Many Explanations for Why Patients Overreport Their Symptoms

White paper with black check boxes, red marker checking off boxes

Some mental health patients report more symptoms than they actually experience and this is often attributed to malingering, when people intentionally inflate their symptoms for some benefit. The assumption that such patients are malingering tends to overshadow alternative explanations, even though research indicates that there are actually multiple pathways that could lead to overreporting. Researcher Harald Merckelbach of Maastricht University and colleagues review the available data and detail some of these alternative explanations in Current Directions in Psychological Science.

Survey design

The design of a test, survey, or other type of measure might prime people to think about their symptoms in a specific way, resulting in an increase in symptoms reported. For example, one study found that people give more unfavorable ratings to their general health when researchers first ask them to consider a range of specific physical and mental symptoms.   

In another study, participants with mild brain injury either recalled symptoms off the top of their head or identified symptoms using an extensive checklist. Participants who completed the checklist consistently reported more symptoms than did participants who recalled symptoms without any guidance. The authors suggest that checklists might convey to a patient that they are expected to experience certain symptoms.

The order of tests might also affect symptom reporting, especially when researchers distribute measures of symptoms close together in the same session. The first measure of symptoms might lower the threshold for reporting affirmatively to symptoms on a later measure, either because the patient wants to appear consistent or because they become biased toward information they recently called upon.

Misinformation

Patients may also be influenced by various types of symptom misinformation. Misleading information could make patients feel as though there are expectancies related to what they should be experiencing. In one study, some participants inhaled a benign substance that researchers told them was suspected to be toxic, while others did not inhale a substance. The participants in the inhaling group subsequently showed an increase in reported symptoms compared with the group that did not inhale.

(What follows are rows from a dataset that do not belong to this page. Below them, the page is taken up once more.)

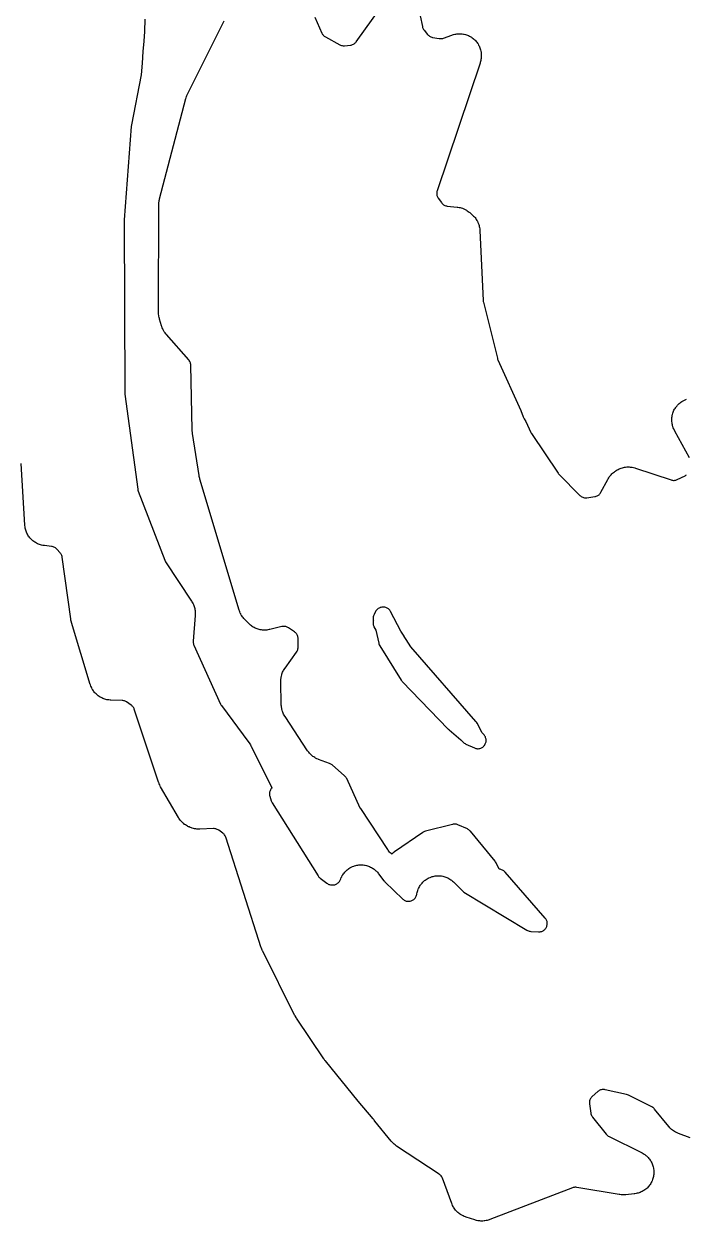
# Model space of a CAD drawing. Header units: millimetres. Extents: x 0 to 194, y 0 to 298.
# Drawn here: x 98.76 to 122.73, y 98.49 to 141.81 of the extents above; entities that cross this region are included whole.
import ezdxf

# ---------------------------------------------------------------- set-up
doc = ezdxf.new("R2010")
doc.units = ezdxf.units.MM
doc.layers.add('CUT', color=7, linetype='CONTINUOUS')

msp = doc.modelspace()

# ---------------------------------------------------------------- linework, layer by layer
at = {"layer": 'CUT'}
for points in [[(109.2915, 142.0523), (109.5461, 141.4809), (109.5587, 141.4559), (109.5736, 141.4321), (109.5907, 141.4098), (109.6097, 141.3892), (109.6306, 141.3705), (109.6532, 141.3538), (109.6772, 141.3393), (110.1994, 141.0562), (110.2261, 141.0434), (110.254, 141.0332), (110.2828, 141.0259), (110.3121, 141.0214), (110.3417, 141.0199), (110.3713, 141.0213), (110.5768, 141.0412), (110.605, 141.0453), (110.6326, 141.052), (110.6594, 141.0614), (110.6853, 141.0732), (110.7099, 141.0874), (110.7331, 141.1038), (110.7546, 141.1224), (110.7742, 141.143), (110.7918, 141.1653), (111.6797, 142.4062)], [(113.1032, 142.1074), (113.185, 141.7119), (113.1922, 141.6839), (113.2021, 141.6568), (113.2145, 141.6307), (113.2293, 141.606), (113.2465, 141.5828), (113.3713, 141.4301), (113.392, 141.4072), (113.4151, 141.3866), (113.4401, 141.3684), (113.4669, 141.3529), (113.4951, 141.3403), (113.5244, 141.3306), (113.5547, 141.324), (113.7988, 141.2836), (113.8292, 141.2802), (113.8598, 141.2799), (113.8903, 141.2827), (113.9203, 141.2886), (113.9496, 141.2975), (114.2532, 141.4072), (114.2744, 141.4142), (114.317, 141.4273), (114.3603, 141.4382), (114.3931, 141.4448), (114.4372, 141.4514), (114.4704, 141.4546), (114.515, 141.4568), (114.5484, 141.4568), (114.593, 141.4546), (114.6262, 141.4513), (114.6703, 141.4446), (114.7031, 141.438), (114.7463, 141.427), (114.7783, 141.4172), (114.8202, 141.402), (114.851, 141.3891), (114.8913, 141.3698), (114.9206, 141.3539), (114.9588, 141.3307), (114.9864, 141.312), (115.0221, 141.2852), (115.0477, 141.2638), (115.0805, 141.2335), (115.104, 141.2097), (115.1336, 141.1764), (115.1546, 141.1503), (115.1808, 141.1142), (115.199, 141.0863), (115.2215, 141.0477), (115.237, 141.0181), (115.2555, 140.9775), (115.2679, 140.9465), (115.2824, 140.9043), (115.2917, 140.8722), (115.3019, 140.8288), (115.3079, 140.7959), (115.3138, 140.7517), (115.3155, 140.731), (115.3171, 140.6104), (115.316, 140.5913), (115.3129, 140.5613), (115.3071, 140.5215), (115.3014, 140.4919), (115.292, 140.4528), (115.2809, 140.4142), (115.2749, 140.395), (113.7186, 135.7724), (113.7109, 135.7452), (113.7057, 135.7173), (113.7032, 135.6892), (113.7033, 135.6609), (113.7062, 135.6327), (113.7116, 135.605), (113.7197, 135.5779), (113.7302, 135.5516), (113.7432, 135.5265), (113.7585, 135.5027), (113.8717, 135.3435), (113.8892, 135.3213), (113.9086, 135.3008), (113.9299, 135.2823), (113.9529, 135.2658), (113.9773, 135.2516), (114.0029, 135.2397), (114.0295, 135.2302), (114.0569, 135.2234), (114.0848, 135.2191), (114.4445, 135.1813), (114.4673, 135.1783), (114.5126, 135.1712), (114.5576, 135.1618), (114.5908, 135.153), (114.6346, 135.1391), (114.6668, 135.1269), (114.7089, 135.1086), (114.7396, 135.0933), (114.7797, 135.0707), (114.8087, 135.0523), (114.8462, 135.0258), (114.8823, 134.9974), (114.9, 134.9828), (114.9885, 134.9056), (115.0052, 134.8902), (115.0378, 134.8588), (115.0688, 134.8257), (115.0907, 134.7998), (115.1182, 134.7638), (115.1374, 134.7358), (115.1611, 134.6972), (115.1774, 134.6675), (115.1971, 134.6267), (115.2103, 134.5954), (115.2259, 134.5529), (115.2359, 134.5204), (115.247, 134.4765), (115.2537, 134.4433), (115.2604, 134.3985), (115.2649, 134.3534), (115.2665, 134.3308), (115.3871, 131.7958), (115.39, 131.7666), (115.3956, 131.7377), (115.8995, 129.7104), (115.9073, 129.6842), (115.9175, 129.6588), (116.749, 127.8253), (116.8323, 127.5885), (116.8417, 127.5648), (116.8532, 127.5421), (116.8665, 127.5204), (116.9303, 127.4256), (117.1103, 127.0286), (117.1217, 127.0061), (117.135, 126.9845), (118.1024, 125.5534), (118.119, 125.5311), (118.1376, 125.5104), (118.8894, 124.7504), (118.9123, 124.7295), (118.9373, 124.7111), (118.964, 124.6953), (118.9922, 124.6824), (119.0216, 124.6725), (119.0519, 124.6657), (119.0827, 124.662), (119.1137, 124.6616), (119.1446, 124.6643), (119.4278, 124.7042), (119.4555, 124.7095), (119.4826, 124.7173), (119.5089, 124.7276), (119.534, 124.7404), (119.5579, 124.7555), (119.5802, 124.7727), (119.6008, 124.792), (119.6195, 124.8131), (119.6362, 124.8359), (119.6506, 124.8601), (119.8982, 125.3246), (119.9087, 125.3432), (119.9304, 125.3796), (119.9538, 125.4151), (119.9726, 125.4408), (119.9993, 125.4738), (120.0204, 125.4976), (120.0501, 125.528), (120.0733, 125.5497), (120.1057, 125.5772), (120.1394, 125.6031), (120.1565, 125.6157), (120.1788, 125.6312), (120.1982, 125.644), (120.2376, 125.6685), (120.2782, 125.691), (120.3095, 125.7063), (120.3522, 125.7245), (120.3849, 125.7364), (120.4293, 125.7501), (120.4631, 125.7586), (120.5086, 125.7676), (120.5431, 125.7726), (120.5893, 125.7769), (120.6241, 125.7783), (120.6705, 125.7778), (120.7053, 125.7756), (120.7514, 125.7703), (120.7857, 125.7646), (120.8311, 125.7546), (120.8759, 125.7422), (120.8981, 125.7355), (122.1871, 125.3071), (122.215, 125.2993), (122.2434, 125.2942), (122.2723, 125.2919), (122.3012, 125.2924), (122.33, 125.2957), (122.3583, 125.3017), (122.3859, 125.3104), (122.4125, 125.3217), (122.6997, 125.4609), (122.7258, 125.4751), (122.7503, 125.4919)], [(103.1346, 141.984), (103.1246, 141.5412), (103.0974, 141.1864), (103.069, 140.8171), (103.0359, 140.3851), (103.0039, 139.9687), (102.653, 138.1573), (102.6502, 138.14), (102.647, 138.1162), (102.6451, 138.0987), (102.3936, 134.7232), (102.393, 134.7117), (102.3924, 134.6959), (102.3922, 134.6843), (102.4077, 128.4729), (102.4084, 128.453), (102.4103, 128.4258), (102.4123, 128.4061), (102.8794, 124.9683), (102.886, 124.9342), (102.8966, 124.901), (103.857, 122.4033), (103.8703, 122.3737), (103.8867, 122.3456), (104.8283, 120.9207), (104.8396, 120.9027), (104.8614, 120.8661), (104.8814, 120.8285), (104.8951, 120.7997), (104.9114, 120.7603), (104.9223, 120.7303), (104.9349, 120.6896), (104.9429, 120.6587), (104.9515, 120.617), (104.9565, 120.5855), (104.9612, 120.5432), (104.9632, 120.5113), (104.9639, 120.4687), (104.9626, 120.4262), (104.9614, 120.4049), (104.8878, 119.4753), (104.8869, 119.4452), (104.8891, 119.4152), (104.8942, 119.3855), (104.9024, 119.3565), (104.9133, 119.3284), (105.873, 117.1986), (105.8881, 117.1694), (105.9063, 117.1421), (106.9044, 115.808), (106.9161, 115.7916), (106.9389, 115.7582), (106.9601, 115.7238), (106.9797, 115.6885), (106.9891, 115.6706), (107.74, 114.1652), (107.7334, 114.1593), (107.7135, 114.1374), (107.6959, 114.1137), (107.6806, 114.0883), (107.668, 114.0615), (107.658, 114.0337), (107.6509, 114.005), (107.6466, 113.9757), (107.6452, 113.9461), (107.6467, 113.9166), (107.6511, 113.8873), (107.6584, 113.8587), (107.7091, 113.6937), (107.718, 113.6688), (107.7291, 113.6447), (107.7422, 113.6217), (109.4094, 110.9796), (109.4245, 110.9578), (109.4414, 110.9375), (109.4601, 110.9188), (109.4803, 110.9018), (109.7207, 110.7171), (109.7455, 110.7), (109.7718, 110.6854), (109.7994, 110.6736), (109.8281, 110.6646), (109.8576, 110.6585), (109.8875, 110.6554), (109.9244, 110.6534), (109.9538, 110.6533), (109.9831, 110.656), (110.012, 110.6617), (110.0402, 110.6701), (110.0674, 110.6812), (110.0934, 110.6949), (110.1179, 110.7112), (110.1408, 110.7297), (110.1617, 110.7504), (110.1804, 110.773), (110.1969, 110.7974), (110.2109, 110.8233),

Another type of symptom misinformation is false feedback about a health condition. In a study illustrating false feedback, students rated the extent to which they experience fatigue, concentration issues, and other common symptoms on a 5-point scale from never to all the time. After a short interval, the researchers interviewed the participants about their answers. What the participants didn’t know was that two of their answers to symptoms rating questions were increased by two full points. Sixty-three percent of the students did not notice the increases and, one week later, gave higher symptom ratings for the manipulated symptoms than for the nonmanipulated symptoms. Participants who had noticed the incorrect ratings did not internalize the misinformation.

Inattention

Another explanation for symptom overreporting is that participants may give inattentive answers when responding to measures of symptoms. By inserting irrelevant lure items in the middle of questionnaires, researchers were able to estimate that about 15 to 20% of participants may randomly or carelessly respond to online survey items. The authors suggest that this could also happen with symptom scales and neuropsychological tests, noting that even a small minority of people who don’t pay attention when answering a survey can distort a study’s results.

Personality

Certain personality traits are also linked to overreporting symptoms. People with high levels of negative affectivity — the habitual tendency to experience a wide range of negative emotions including anxiety and depression — report more psychological symptoms than do people with low negative affectivity, even when their medical conditions are no worse. Researchers have identified the mechanism for this phenomenon: Anxiety can cause a heightened sensitivity to threat cues, which is associated with inflated reporting of momentary symptoms. Research also suggests that depression can cause a recall bias, making negative memories more accessible, which is associated with an increase in reporting more past symptoms.

A second trait that may be linked to inflated symptom reporting is alexithymia, the inability to identify and describe feelings. People with alexithymia can interpret common experiences as serious symptoms, and research shows that the more alexithymic people are, the more symptoms they report.

The authors emphasize that psychological scientists need to acknowledge situational and other factors that can explain overreporting symptoms beyond malingering. Researchers should investigate overreporting to inform ways to improve tests of symptoms and other means of reducing situations that are conducive to overreporting.  

Reference

Merckelbach, H., Dandachi-FitzGerald, B., van Helvoort, D., Jelicic, M., & Otgaar, H. (2019). When patients overreport symptoms: More than just malingering. Current Directions in Psychological Science. https://doi.org/10.1177%2F0963721419837681

Comments

I am frankly astonished that this study apparently blew right past the most obvious (to me) answer for symptom inflation–inattention on the part of the medical person. Having issues of my own plus having provided care for a number of elderly people, I can tell you that it is often difficult to impossible to get a doctor or nurse to acknowledge a mildly described symptom beyond “mmhmm”. Giving more information, or weighting a symptom a little more than it actually deserves is often the only way to make sure the doctor takes the whole person into account. Some of this can be attributed to time constraints, but in my experience, some of it can be chalked up to patronization or disdain on the part of the service provider. Fewer doctors dismiss reports out of hand these days, but enough do that we patients tend to learn what we, who live in our bodies, have to say to engender enough concern to get a problem addressed.